# iframe überlappt JavaScript-Menü in Opera



## AndMan (22. Februar 2005)

Hi,

 ich hoffe hier kann mir jemand helfen. Ich habe folgendes Problem, das nur in Opera auftritt: Ich habe eine Seite mit einem JavaScript-Menü (so richtig schön mit ausklappen und so ), doch leider wird es in Opera immer vom iframe verdeckt.

 Änderung vom z-index im Stylesheet helfen auch nicht... 

 Hat irgendwer noch ne Idee?

 Viele Grüße

 AndMan

 Ach so, das Phänomen gibt's hier zu bewundern: http://home.arcor.de/fwg05/


----------



## ZeroEnna (23. Februar 2005)

Ich glaube IFrames haben immer eine höhere Position als DIV's

PS: Der Fehler ist nicht nur beim Opera sondern auch im FireFox und im Internetexplorer genau so


----------



## AndMan (23. Februar 2005)

Es geht ja nicht um DIVs, sondern nur um das JavaScript-Menü, es sei denn, das JavaScript-Menü wird mit DIVs aufgebaut... Da habe ich aber leider keinen blassen Schimmer von. JavaScript steht noch auf meier "To Learn"-List 
  Und Opera ist der einzige Browser, in dem es nicht richtig funktioniert.


----------



## Maik (23. Februar 2005)

Hallo AndMan,

ZeroEnna's Ansatz ist schon richtig, auch wenn es bei dir nicht direkt um die DIV-Elemente, sondern einem JavaScript-Menü geht.

Gestern abend habe ich beim Erstellen eines Templates (horizontales Listenmenü incl. Submenüs und darunterliegender iFrame) das gleiche Problem im Opera (7.23) entdeckt.

Offensichtlich hat das iFrame-Element im Opera eine höhere Priorität als die übrigen HTML-Elemente und lässt sich auch nicht via CSS mittels *z-index* steuern / regeln.

greez, maik.l


----------



## AndMan (23. Februar 2005)

Genau das ist mein Problem. Ich hab's allerdings in Opera 7.54 

  Aber wie kann man das in den Griff bekommen?
 Mit JavaScript kann man ja irgendwie Seiten im Vordergrund "festnageln" (irgendwie durch ständiges aktivieren). Könnte das auch hier irgendwie funktionieren?

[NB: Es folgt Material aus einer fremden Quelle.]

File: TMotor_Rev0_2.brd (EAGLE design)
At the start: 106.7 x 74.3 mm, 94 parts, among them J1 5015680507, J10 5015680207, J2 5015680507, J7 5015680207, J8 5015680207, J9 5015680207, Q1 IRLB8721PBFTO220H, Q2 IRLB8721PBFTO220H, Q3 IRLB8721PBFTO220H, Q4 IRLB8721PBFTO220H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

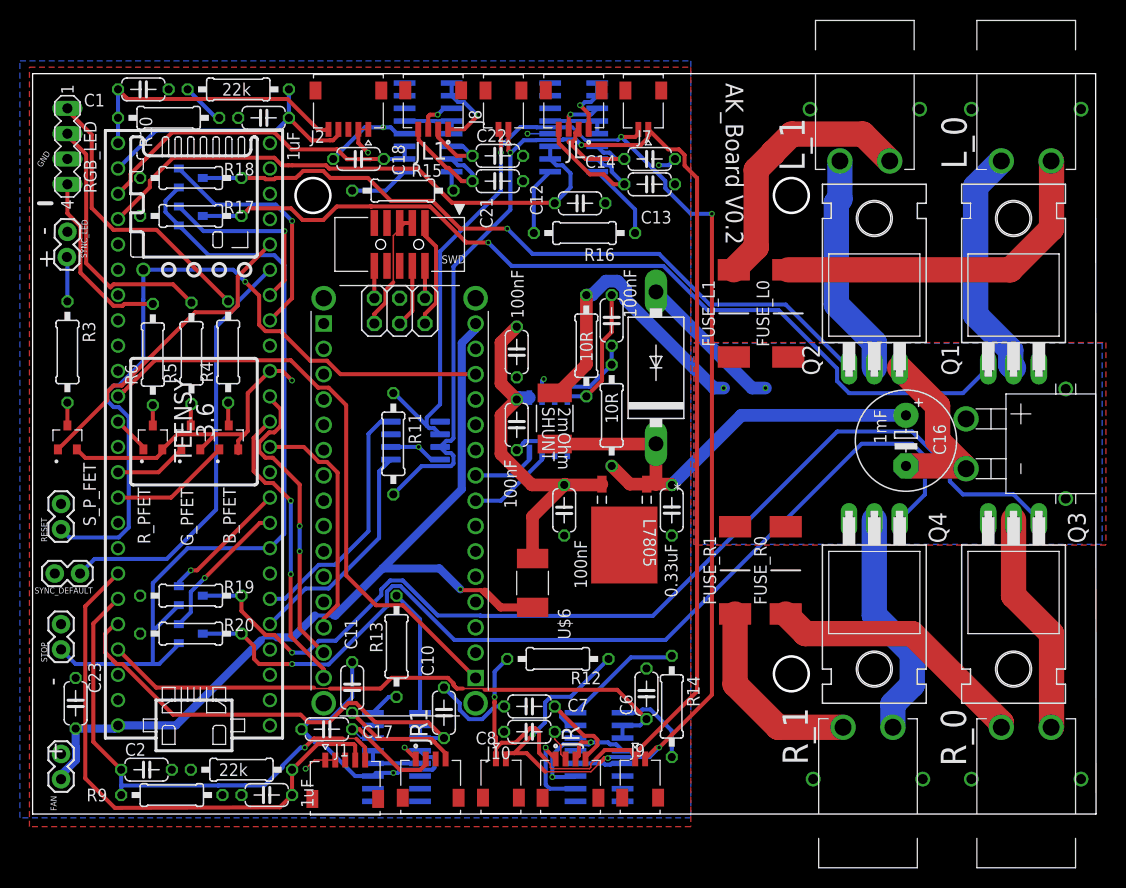
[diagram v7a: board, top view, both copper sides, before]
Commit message: Restricted area over CAN
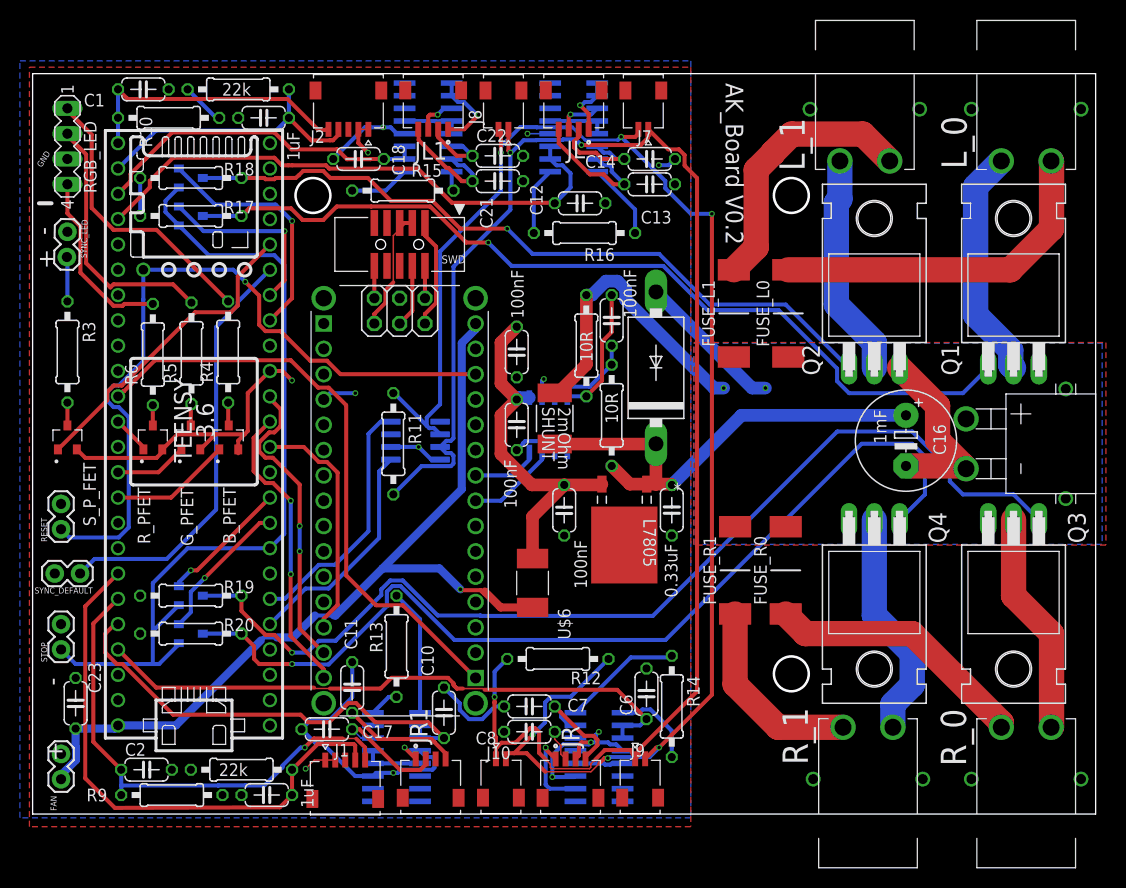
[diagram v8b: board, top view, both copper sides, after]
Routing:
- net GND: track 125.1 -> 133.6 mm, vias 11 -> 13
- net TRQ_AMP_R1: track 48.4 -> 46.4 mm
- net TRQ_AMP_R: track 61.9 -> 60.8 mm
- net N$10: track 11.5 -> 10.8 mm
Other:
- board text added: "1. Test with multiple motors running to make sure the sensors still work."
- board text added: "2. Pull up on reset"
- board text added: "3. Figure out how to keep SPI from preventing flashing"
- board text added: "4. Remove battery monitor and shift to boost circuit and conver to inspired Energy battery"
- board text removed: "1."
- board text removed: "2."
- board text removed: "3."
- board text removed: "4."

 Oder kann man die Priorität vom iframe in Opera sonst irgendwie beeinflussen? Leider stehe ich auch mit diesen gerade erst am Anfang... 

 Wenn es nötig ist, würde ich auch auf ein anderes Navigationskonzept ausweichen. Hat irgendwer nen Vorschlag?

  Viele Grüße

  AndMan


----------



## melodei (26. Februar 2005)

Hallo,


Ich kenne auch das Problem. Bei Internet Explorer funktioniert es ohne Probleme, nur leider nicht in Opera und Netscape 
(alle relevanten Versionen).

Hatte ohne Erfolg versucht den Z-Index zu verändern, leider ohne Erfolg. Zum Schluss hatte ich in den CSS Varianten für 
Opera und Netscape das Iframe etwas verkleinert, so das die oberen Menues sich mit dem Iframe nicht mehr überschneiden. 

Eine Kompromisslösung, mit der ich leben konnte aber die sauberste Lösung war sie nicht.

Gruß Klaus

<gruebel> ;-] </gruebel>


----------



## Blackylein (26. Februar 2005)

Hallo!

 Ich habe ein ähnliches Problem. Auch ich habe ein Java Menü. Das Problem ist, dass es auf manchen PCs funktioniert und auf anderen nicht.

 hier erstmal der Link: http://www.hak-baden.at/sites/index.htm

 und hier ein Bild wie das ganze aussieht wenn es nicht funktioniert
 wie man sieht ist das Menü gaaaanz nach unten gerutscht. Auch der Strich, der die Frames abgrenzt ist verschoben. 







 Ich hab schon so viele gefragt aber keiner konnte mir bisher weiterhelfen. 
 Vielen Dank schon im Vorraus.

 LG
 Carina


----------